Exercise objective:
Using the records below, transcribe word for word the stretch from the line that contains "#1100 = CARTESIAN_POINT" through the line that contains "#8874 = ORIENTED_EDGE", both end lines included, and nothing else.

Entries provided:
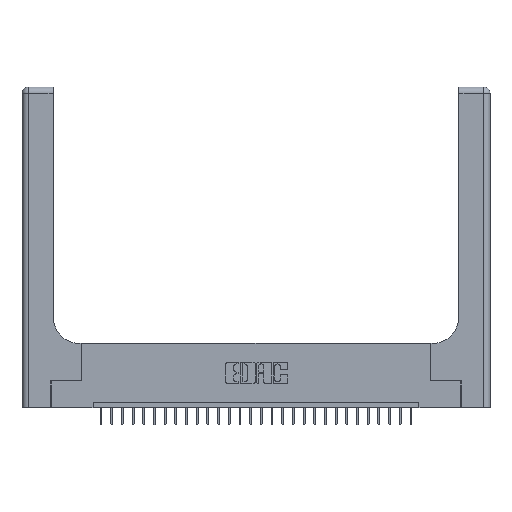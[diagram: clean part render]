
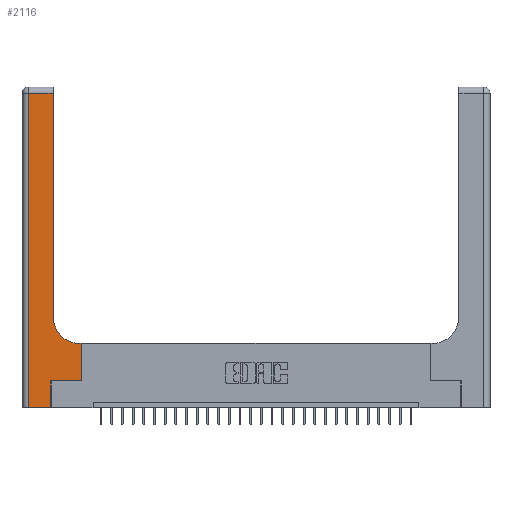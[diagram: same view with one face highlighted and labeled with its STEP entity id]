
A CAD part, top view. The second image highlights one B-rep face of the part: STEP entity #2116.
In plain terms, the highlighted planar face has unit normal (0, 0, 1).
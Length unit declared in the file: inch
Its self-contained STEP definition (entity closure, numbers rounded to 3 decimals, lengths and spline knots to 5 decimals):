
#6 = EDGE_CURVE ( 'NONE', #5424, #12609, #3491, .T. ) ;
#422 = VERTEX_POINT ( 'NONE', #28064 ) ;
#867 = CARTESIAN_POINT ( 'NONE',  ( 0.269, 0., 0.37 ) ) ;
#1100 = CARTESIAN_POINT ( 'NONE',  ( 0.5585, 0.6, 0.37 ) ) ;
#2116 = ADVANCED_FACE ( 'NONE', ( #27694 ), #3154, .F. ) ;
#2942 = CARTESIAN_POINT ( 'NONE',  ( 0.2915, 2.94, 0.37 ) ) ;
#3154 = PLANE ( 'NONE',  #6972 ) ;
#3491 = LINE ( 'NONE', #14748, #20946 ) ;
#5138 = CARTESIAN_POINT ( 'NONE',  ( 0.269, 0., 0.37 ) ) ;
#5424 = VERTEX_POINT ( 'NONE', #21315 ) ;
#5484 = ORIENTED_EDGE ( 'NONE', *, *, #6102, .T. ) ;
#6102 = EDGE_CURVE ( 'NONE', #13223, #10404, #6493, .T. ) ;
#6493 = LINE ( 'NONE', #26647, #11845 ) ;
#6624 = LINE ( 'NONE', #20515, #15851 ) ;
#6718 = ORIENTED_EDGE ( 'NONE', *, *, #8543, .T. ) ;
#6972 = AXIS2_PLACEMENT_3D ( 'NONE', #19168, #7612, #8010 ) ;
#7612 = DIRECTION ( 'NONE',  ( 0., 0., -1. ) ) ;
#7819 = DIRECTION ( 'NONE',  ( 0., 1., 0. ) ) ;
#8010 = DIRECTION ( 'NONE',  ( -1., 0., 0. ) ) ;
#8543 = EDGE_CURVE ( 'NONE', #17578, #5424, #27462, .T. ) ;
#8592 = DIRECTION ( 'NONE',  ( -1., 0., 0. ) ) ;
#8625 = VECTOR ( 'NONE', #7819, 39.37008 ) ;
#8741 = CARTESIAN_POINT ( 'NONE',  ( 0.06, 3., 0.37 ) ) ;
#8841 = DIRECTION ( 'NONE',  ( 0., -1., 0. ) ) ;
#8874 = ORIENTED_EDGE ( 'NONE', *, *, #17436, .T. ) ;
#9651 = ORIENTED_EDGE ( 'NONE', *, *, #9770, .T. ) ;
#9770 = EDGE_CURVE ( 'NONE', #10404, #12678, #17392, .T. ) ;
#9887 = EDGE_CURVE ( 'NONE', #16589, #422, #28083, .T. ) ;
#10404 = VERTEX_POINT ( 'NONE', #17344 ) ;
#10714 = VECTOR ( 'NONE', #10868, 39.37008 ) ;
#10868 = DIRECTION ( 'NONE',  ( 0., 1., 0. ) ) ;
#11413 = EDGE_CURVE ( 'NONE', #12678, #27264, #6624, .T. ) ;
#11464 = DIRECTION ( 'NONE',  ( 0., 1., 0. ) ) ;
#11845 = VECTOR ( 'NONE', #17363, 39.37008 ) ;
#11915 = CARTESIAN_POINT ( 'NONE',  ( 0.2915, 0.85, 0.37 ) ) ;
#12102 = CARTESIAN_POINT ( 'NONE',  ( 0., 0., 0.37 ) ) ;
#12197 = VECTOR ( 'NONE', #14341, 39.37008 ) ;
#12609 = VERTEX_POINT ( 'NONE', #26582 ) ;
#12678 = VERTEX_POINT ( 'NONE', #11915 ) ;
#12810 = ORIENTED_EDGE ( 'NONE', *, *, #6, .T. ) ;
#13158 = CARTESIAN_POINT ( 'NONE',  ( 0.06, 2.94, 0.37 ) ) ;
#13223 = VERTEX_POINT ( 'NONE', #1100 ) ;
#14341 = DIRECTION ( 'NONE',  ( 1., 0., 0. ) ) ;
#14748 = CARTESIAN_POINT ( 'NONE',  ( 0.269, 0.25, 0.37 ) ) ;
#15257 = EDGE_LOOP ( 'NONE', ( #22994, #22701, #17997, #17329, #6718, #12810, #8874, #5484, #9651 ) ) ;
#15653 = CARTESIAN_POINT ( 'NONE',  ( 0.5415, 0.85, 0.37 ) ) ;
#15851 = VECTOR ( 'NONE', #11464, 39.37008 ) ;
#16380 = EDGE_CURVE ( 'NONE', #422, #17578, #28911, .T. ) ;
#16589 = VERTEX_POINT ( 'NONE', #13158 ) ;
#17210 = AXIS2_PLACEMENT_3D ( 'NONE', #15653, #29310, #26853 ) ;
#17329 = ORIENTED_EDGE ( 'NONE', *, *, #16380, .T. ) ;
#17344 = CARTESIAN_POINT ( 'NONE',  ( 0.5415, 0.6, 0.37 ) ) ;
#17363 = DIRECTION ( 'NONE',  ( -1., 0., 0. ) ) ;
#17392 = CIRCLE ( 'NONE', #17210, 0.25 ) ;
#17395 = EDGE_CURVE ( 'NONE', #27264, #16589, #24606, .T. ) ;
#17436 = EDGE_CURVE ( 'NONE', #12609, #13223, #17815, .T. ) ;
#17578 = VERTEX_POINT ( 'NONE', #5138 ) ;
#17707 = CARTESIAN_POINT ( 'NONE',  ( 0.5585, 0.25, 0.37 ) ) ;
#17815 = LINE ( 'NONE', #17707, #10714 ) ;
#17997 = ORIENTED_EDGE ( 'NONE', *, *, #9887, .T. ) ;
#19168 = CARTESIAN_POINT ( 'NONE',  ( 0., 3., 0.37 ) ) ;
#20271 = VECTOR ( 'NONE', #8841, 39.37008 ) ;
#20515 = CARTESIAN_POINT ( 'NONE',  ( 0.2915, 3., 0.37 ) ) ;
#20946 = VECTOR ( 'NONE', #26323, 39.37008 ) ;
#21315 = CARTESIAN_POINT ( 'NONE',  ( 0.269, 0.25, 0.37 ) ) ;
#22701 = ORIENTED_EDGE ( 'NONE', *, *, #17395, .T. ) ;
#22994 = ORIENTED_EDGE ( 'NONE', *, *, #11413, .T. ) ;
#23156 = VECTOR ( 'NONE', #8592, 39.37008 ) ;
#24504 = CARTESIAN_POINT ( 'NONE',  ( 0., 2.94, 0.37 ) ) ;
#24606 = LINE ( 'NONE', #24504, #23156 ) ;
#26323 = DIRECTION ( 'NONE',  ( 1., 0., 0. ) ) ;
#26582 = CARTESIAN_POINT ( 'NONE',  ( 0.5585, 0.25, 0.37 ) ) ;
#26647 = CARTESIAN_POINT ( 'NONE',  ( 0.2915, 0.6, 0.37 ) ) ;
#26853 = DIRECTION ( 'NONE',  ( 1., 0., 0. ) ) ;
#27264 = VERTEX_POINT ( 'NONE', #2942 ) ;
#27462 = LINE ( 'NONE', #867, #8625 ) ;
#27694 = FACE_OUTER_BOUND ( 'NONE', #15257, .T. ) ;
#28064 = CARTESIAN_POINT ( 'NONE',  ( 0.06, 0., 0.37 ) ) ;
#28083 = LINE ( 'NONE', #8741, #20271 ) ;
#28911 = LINE ( 'NONE', #12102, #12197 ) ;
#29310 = DIRECTION ( 'NONE',  ( 0., 0., -1. ) ) ;

Written solution:
#1100 = CARTESIAN_POINT ( 'NONE',  ( 0.5585, 0.6, 0.37 ) ) ;
#2116 = ADVANCED_FACE ( 'NONE', ( #27694 ), #3154, .F. ) ;
#2942 = CARTESIAN_POINT ( 'NONE',  ( 0.2915, 2.94, 0.37 ) ) ;
#3154 = PLANE ( 'NONE',  #6972 ) ;
#3491 = LINE ( 'NONE', #14748, #20946 ) ;
#5138 = CARTESIAN_POINT ( 'NONE',  ( 0.269, 0., 0.37 ) ) ;
#5424 = VERTEX_POINT ( 'NONE', #21315 ) ;
#5484 = ORIENTED_EDGE ( 'NONE', *, *, #6102, .T. ) ;
#6102 = EDGE_CURVE ( 'NONE', #13223, #10404, #6493, .T. ) ;
#6493 = LINE ( 'NONE', #26647, #11845 ) ;
#6624 = LINE ( 'NONE', #20515, #15851 ) ;
#6718 = ORIENTED_EDGE ( 'NONE', *, *, #8543, .T. ) ;
#6972 = AXIS2_PLACEMENT_3D ( 'NONE', #19168, #7612, #8010 ) ;
#7612 = DIRECTION ( 'NONE',  ( 0., 0., -1. ) ) ;
#7819 = DIRECTION ( 'NONE',  ( 0., 1., 0. ) ) ;
#8010 = DIRECTION ( 'NONE',  ( -1., 0., 0. ) ) ;
#8543 = EDGE_CURVE ( 'NONE', #17578, #5424, #27462, .T. ) ;
#8592 = DIRECTION ( 'NONE',  ( -1., 0., 0. ) ) ;
#8625 = VECTOR ( 'NONE', #7819, 39.37008 ) ;
#8741 = CARTESIAN_POINT ( 'NONE',  ( 0.06, 3., 0.37 ) ) ;
#8841 = DIRECTION ( 'NONE',  ( 0., -1., 0. ) ) ;
#8874 = ORIENTED_EDGE ( 'NONE', *, *, #17436, .T. ) ;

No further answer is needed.